Football ground in Australia

Deakin Stadium is an association football ground located in the south-central Canberra suburb of Deakin, ACT. It is the home ground of Canberra Croatia FC in the NPL ACT.

==Primary Use==

Canberra FC are the primary tenants of Deakin Stadium. Canberra FC play home matches in the National Premier Leagues Capital Football at the stadium as well Capital Football Federation Cup matches.

==Events history==
===2018 Canberra FC FFA Cup===
On 25 July 2018, Canberra FC qualified in the Round of 32 of the FFA Cup for the first time and was beaten by Broadmeadow Magic 4–1 at Deakin Stadium.

===2016 Canberra Olympic FFA Cup run===
During 2016 the stadium was used by local ACT NPL club Canberra Olympic for their FFA Cup run. Olympic played their round of 32, round of 16 and quarter-final matches at the stadium before moving to Viking Park in Tuggeranong for their semi-final match against A-league side Sydney FC. The quarter final match was played on 27 September 2016 against Victorian NPL side Green Gully SC. The match attracted a crowd of 2,039 as Olympic pulled off a historic victory with a penalty conversion in the 95th minute of the match giving the home side a 1–0 victory.

===2015 Asian Cup===

Deakin Stadium was selected as one of three venues to be used as a training venue as part of the 2015 Asian Cup in the ACT along with host venue Canberra Stadium and the second training venue McKellar Park. The stadium received an upgrade to its lighting as part of the $650,000 ACT facility upgrade fund for the tournament. South Korea was the primary team that used Deakin Stadium for closed training sessions during the tournament while they were base in Canberra.

===Canberra United FC===

Deakin Stadium is used as an alternative venue for Canberra's W-League team. Canberra United. United normally play at McKellar Park in Canberra's north but every now and then they will play a game in Deakin. On 4 December 2010, A match between Canberra United and Adelaide United was abandoned at Deakin Stadium after sixty-eight minutes due to the referee declaring the pitch unplayable following a torrential rain burst. Canberra at the time was 4–0 up in front of 576 souls brave enough to brace the wet conditions. In 2012 Canberra United played two matches at Deakin Stadium on the 5th and 8 December against Perth Glory and Newcastle Jets respectively.
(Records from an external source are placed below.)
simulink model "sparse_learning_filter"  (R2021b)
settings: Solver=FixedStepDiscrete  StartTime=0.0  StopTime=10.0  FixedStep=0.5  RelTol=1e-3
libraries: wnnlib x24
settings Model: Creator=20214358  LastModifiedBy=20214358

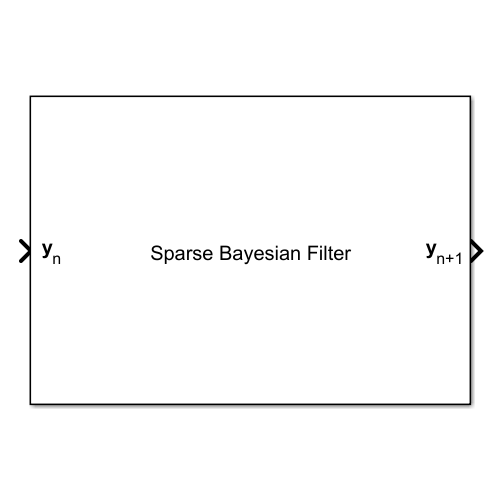
[thumbnail: Simulink's stored preview of the top-level diagram]
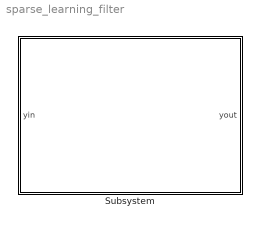
== system sparse_learning_filter ==
  Subsystem : Subsystem
      mask Display:
      | disp('Sparse Bayesian Filter','interpreter','tex');
      | port_label('input', 1,'{\bf y}_{n}','interpreter','tex');
      | port_label('output', 1,'{\bf y}_{n+1}','interpreter','tex');

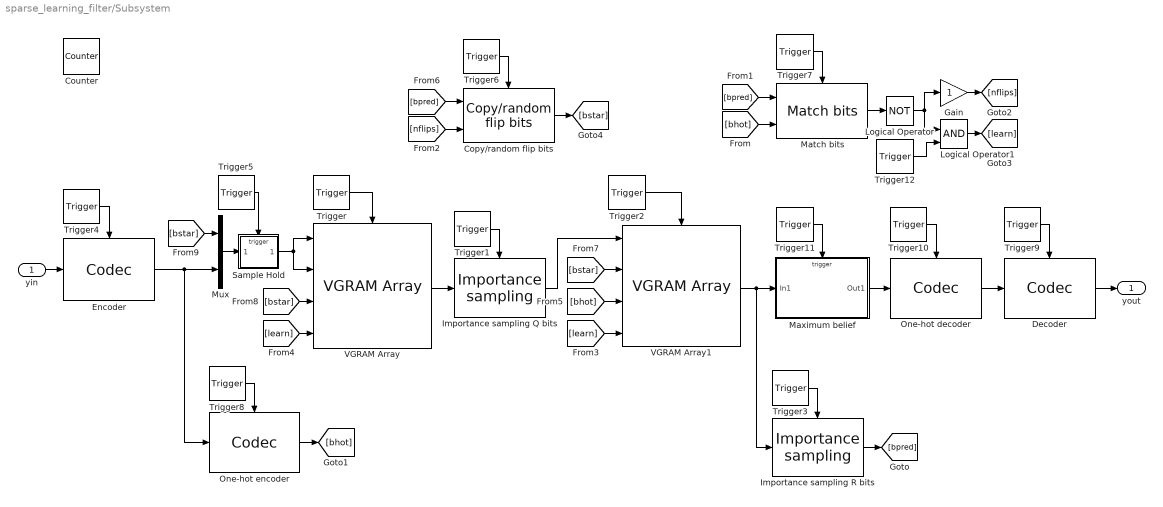
== system sparse_learning_filter/Subsystem ==
  yin : Inport
  Copy/random flip bits : wnnlib/Utilities/Copy//random flip bits
      settings: SourceProductName=Weightless Neural Networks Toolbox
  Counter : wnnlib/Sources/Counter  number_of_steps=9  sample_time=-1
      settings: SourceProductName=Weightless Neural Networks Toolbox
  Decoder : wnnlib/Utilities/Codec  codec_id=0  dense_vector_length=2  sparse_vector_length=2048  max_depth=16  learning_rate=0.0000001  min_splitting_volume=0.00001  min_bounds=[-10 -10]  max_bounds=[10 10]  sparse_vectors_file=C:\Users\20214358\MATLAB\Projects\wnnlib\wnndata\64k_sparse_vectors_seed_0.npz  debug_flag=off  codec_type=Decoder  number_of_sparse_vectors=65536
      settings: SourceProductName=Weightless Neural Networks Toolbox
  Encoder : wnnlib/Utilities/Codec  codec_id=0  dense_vector_length=2  sparse_vector_length=2048  max_depth=16  learning_rate=0.0000001  min_splitting_volume=0.00001  min_bounds=[-10 -10]  max_bounds=[10 10]  sparse_vectors_file=C:\Users\20214358\MATLAB\Projects\wnnlib\wnndata\64k_sparse_vectors_seed_0.npz  debug_flag=off  codec_type=Encoder  number_of_sparse_vectors=65536
      settings: SourceProductName=Weightless Neural Networks Toolbox
  Gain : Gain
  Importance sampling Q bits : wnnlib/Utilities/Importance sampling  nSamples=8
      settings: SourceProductName=Weightless Neural Networks Toolbox
  Importance sampling R bits : wnnlib/Utilities/Importance sampling  nSamples=8
      settings: SourceProductName=Weightless Neural Networks Toolbox
  Logical Operator : Logic  Operator=NOT  IconShape=distinctive  AllPortsSameDT=off  OutDataTypeStr=boolean
  Logical Operator1 : Logic  IconShape=distinctive  AllPortsSameDT=off  OutDataTypeStr=boolean
  Match bits : wnnlib/Utilities/Match bits  nMatchTolerance=1
      settings: SourceProductName=Weightless Neural Networks Toolbox
  Maximum belief : Subsystem  TreatAsAtomicUnit=on  mask{nSamples=8}
      mask prompts: nSamples "Number of samples"
      mask help: Build an unnormalized belief from a histogram collecting the frequencies among a finite number of discrete states. The belief is encoded as a sparse binary sequence with the same length as the number of discrete states. However, it comprises a small number of ones (samples) among several zeros such that the likelihood of a discrete space being assigned to one is proportional to its corresponding frequency in the histogram.
      mask init:
      | assert(nSamples > 0, 'Number of samples must be greater than zero.')
      mask Display:
      | disp('\ldots,0,1,0,\ldots','interpreter','tex');
      | port_label('input', 1,'{\bf h}','interpreter','tex')
      | port_label('output', 1,'{\bf b}','interpreter','tex')
      | port_label('trigger','\uparrow','interpreter','tex')
  Mux : Mux  Inputs=2
  One-hot decoder : wnnlib/Utilities/Codec  codec_id=0  dense_vector_length=2  sparse_vector_length=2048  max_depth=16  learning_rate=0.0000001  min_splitting_volume=0.00001  min_bounds=[-10 -10]  max_bounds=[10 10]  sparse_vectors_file=C:\Users\20214358\MATLAB\Projects\wnnlib\wnndata\64k_sparse_vectors_seed_0.npz  debug_flag=off  codec_type=OneHotDecoder  number_of_sparse_vectors=65536
      settings: SourceProductName=Weightless Neural Networks Toolbox
  One-hot encoder : wnnlib/Utilities/Codec  codec_id=0  dense_vector_length=2  sparse_vector_length=2048  max_depth=16  learning_rate=0.0000001  min_splitting_volume=0.00001  min_bounds=[-10 -10]  max_bounds=[10 10]  sparse_vectors_file=C:\Users\20214358\MATLAB\Projects\wnnlib\wnndata\64k_sparse_vectors_seed_0.npz  debug_flag=off  codec_type=OneHotEncoder  number_of_sparse_vectors=65536
      settings: SourceProductName=Weightless Neural Networks Toolbox
  Sample Hold : Subsystem  TreatAsAtomicUnit=on
      mask Display:
      | disp('S/H','interpreter','tex');
      | 
      | port_label('trigger','\uparrow','interpreter','tex');
  Trigger : wnnlib/Sources/Trigger  selected_steps=[2 8]
      settings: SourceProductName=Weightless Neural Networks Toolbox
  Trigger1 : wnnlib/Sources/Trigger  selected_steps=3
      settings: SourceProductName=Weightless Neural Networks Toolbox
  Trigger10 : wnnlib/Sources/Trigger  selected_steps=6
      settings: SourceProductName=Weightless Neural Networks Toolbox
  Trigger11 : wnnlib/Sources/Trigger  selected_steps=5
      settings: SourceProductName=Weightless Neural Networks Toolbox
  Trigger12 : wnnlib/Sources/Trigger  selected_steps=8
      settings: SourceProductName=Weightless Neural Networks Toolbox
  Trigger2 : wnnlib/Sources/Trigger  selected_steps=4|8
      settings: SourceProductName=Weightless Neural Networks Toolbox
  Trigger3 : wnnlib/Sources/Trigger  selected_steps=5
      settings: SourceProductName=Weightless Neural Networks Toolbox
  Trigger4 : wnnlib/Sources/Trigger  selected_steps=0
      settings: SourceProductName=Weightless Neural Networks Toolbox
  Trigger5 : wnnlib/Sources/Trigger  selected_steps=9
      settings: SourceProductName=Weightless Neural Networks Toolbox
  Trigger6 : wnnlib/Sources/Trigger  selected_steps=7
      settings: SourceProductName=Weightless Neural Networks Toolbox
  Trigger7 : wnnlib/Sources/Trigger  selected_steps=6
      settings: SourceProductName=Weightless Neural Networks Toolbox
  Trigger8 : wnnlib/Sources/Trigger  selected_steps=1
      settings: SourceProductName=Weightless Neural Networks Toolbox
  Trigger9 : wnnlib/Sources/Trigger  selected_steps=7
      settings: SourceProductName=Weightless Neural Networks Toolbox
  VGRAM Array : wnnlib/Models/VGRAM Array  array_id=0  min_mem_size=65535  max_mem_size=65536  min_dist=2  max_dist=8  pattern_length=16  output_dims=[4, 4]  debug_flag=on
      settings: SourceProductName=Weightless Neural Networks Toolbox
  VGRAM Array1 : wnnlib/Models/VGRAM Array  array_id=0  min_mem_size=65535  max_mem_size=65536  min_dist=2  max_dist=8  pattern_length=16  output_dims=[4, 4]  debug_flag=on
      settings: SourceProductName=Weightless Neural Networks Toolbox
  yout : Outport
  wires:
  Encoder/1 -> One-hot encoder/1, Mux/2
  Trigger1/1 -> Importance sampling Q bits/Trigger
  [learn] -> VGRAM Array1/4
  VGRAM Array1/1 -> Maximum belief/1(In1), Importance sampling R bits/1
  yin/1 -> Encoder/1
  Trigger2/1 -> VGRAM Array1/Trigger
  VGRAM Array/1 -> Importance sampling Q bits/1
  Importance sampling Q bits/1 -> VGRAM Array1/1
  Trigger4/1 -> Encoder/Trigger
  Trigger7/1 -> Match bits/Trigger
  Trigger6/1 -> Copy/random flip bits/Trigger
  Match bits/1 -> Logical Operator/1
  Trigger/1 -> VGRAM Array/Trigger
  [bhot] -> Match bits/2
  Trigger5/1 -> Sample Hold/Trigger
  Trigger3/1 -> Importance sampling R bits/Trigger
  [bpred] -> Match bits/1
  Logical Operator/1 -> Logical Operator1/1, Gain/1
  [nflips] -> Copy/random flip bits/2
  Gain/1 -> [nflips]
  Importance sampling R bits/1 -> [bpred]
  [bstar] -> VGRAM Array/3
  [learn] -> VGRAM Array/4
  Trigger8/1 -> One-hot encoder/Trigger
  One-hot encoder/1 -> [bhot]
  [bhot] -> VGRAM Array1/3
  [bpred] -> Copy/random flip bits/1
  Copy/random flip bits/1 -> [bstar]
  [bstar] -> VGRAM Array1/2
  Decoder/1 -> yout/1
  Trigger9/1 -> Decoder/Trigger
  Mux/1 -> Sample Hold/1(In1)
  Sample Hold/1(Out1) -> VGRAM Array/2, VGRAM Array/1
  [bstar] -> Mux/1
  One-hot decoder/1 -> Decoder/1
  Trigger10/1 -> One-hot decoder/Trigger
  Maximum belief/1(Out1) -> One-hot decoder/1
  Trigger11/1 -> Maximum belief/Trigger
  Logical Operator1/1 -> [learn]
  Trigger12/1 -> Logical Operator1/2

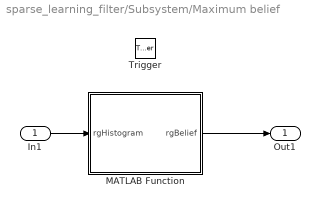
== system sparse_learning_filter/Subsystem/Maximum belief ==
  In1 : Inport
  Trigger : TriggerPort  VariantControl=(inherit)
  MATLAB Function : MATLAB Function  TreatAsAtomicUnit=on
  Out1 : Outport  OutDataTypeStr=uint8
  wires:
  MATLAB Function/1(rgBelief) -> Out1/1
  In1/1 -> MATLAB Function/1(rgHistogram)

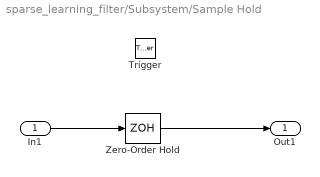
== system sparse_learning_filter/Subsystem/Sample Hold ==
  In1 : Inport
  Trigger : TriggerPort  VariantControl=(inherit)
  Zero-Order Hold : ZeroOrderHold  SampleTime=-1
  Out1 : Outport
  wires:
  In1/1 -> Zero-Order Hold/1
  Zero-Order Hold/1 -> Out1/1

== matlab function sparse_learning_filter/Subsystem/Maximum belief/MATLAB Function ==
  data: rgHistogram input; rgBelief output
function rgBelief = fcn(rgHistogram)


% Get the number of histogram dimensions
rgDims=size(rgHistogram);

% Initialize the unnormalized belief as all zeros
rgBelief = zeros(rgDims, 'uint8');

% Get the index of the maximum value
[~, idx] = max(rgBelief);

% Assign a value one to the selected discrete state
rgBelief(idx) = uint8(1);

===A-League pre-season friendlies===

Deakin Stadium has a long standing of hosting pre-season matches between Canberra FC and A-League opposition. The below table details these matches:

| Year | Home team | Away team | Reference |
|---|---|---|---|
| 2008 | ACT Rockets (PL Select XI) | Central Coast Mariners |  |
| 2010 | Canberra FC | Central Coast Mariners |  |
| 2011 | Canberra FC | Central Coast Mariners |  |
| 2014 | Canberra FC | Sydney FC |  |
| 2014 | Canberra FC | Western Sydney Wanderers |  |
| 2015 | Canberra FC | Western Sydney Wanderers |  |
| 2016 | Canberra FC | Western Sydney Wanderers |  |
| 2017 | Canberra Olympic | Newcastle United Jets |  |

==Records==

Record attendance: 2,782 (Canberra FC vs Canberra Olympic, 11 September 2016, NPL ACT Grand Final).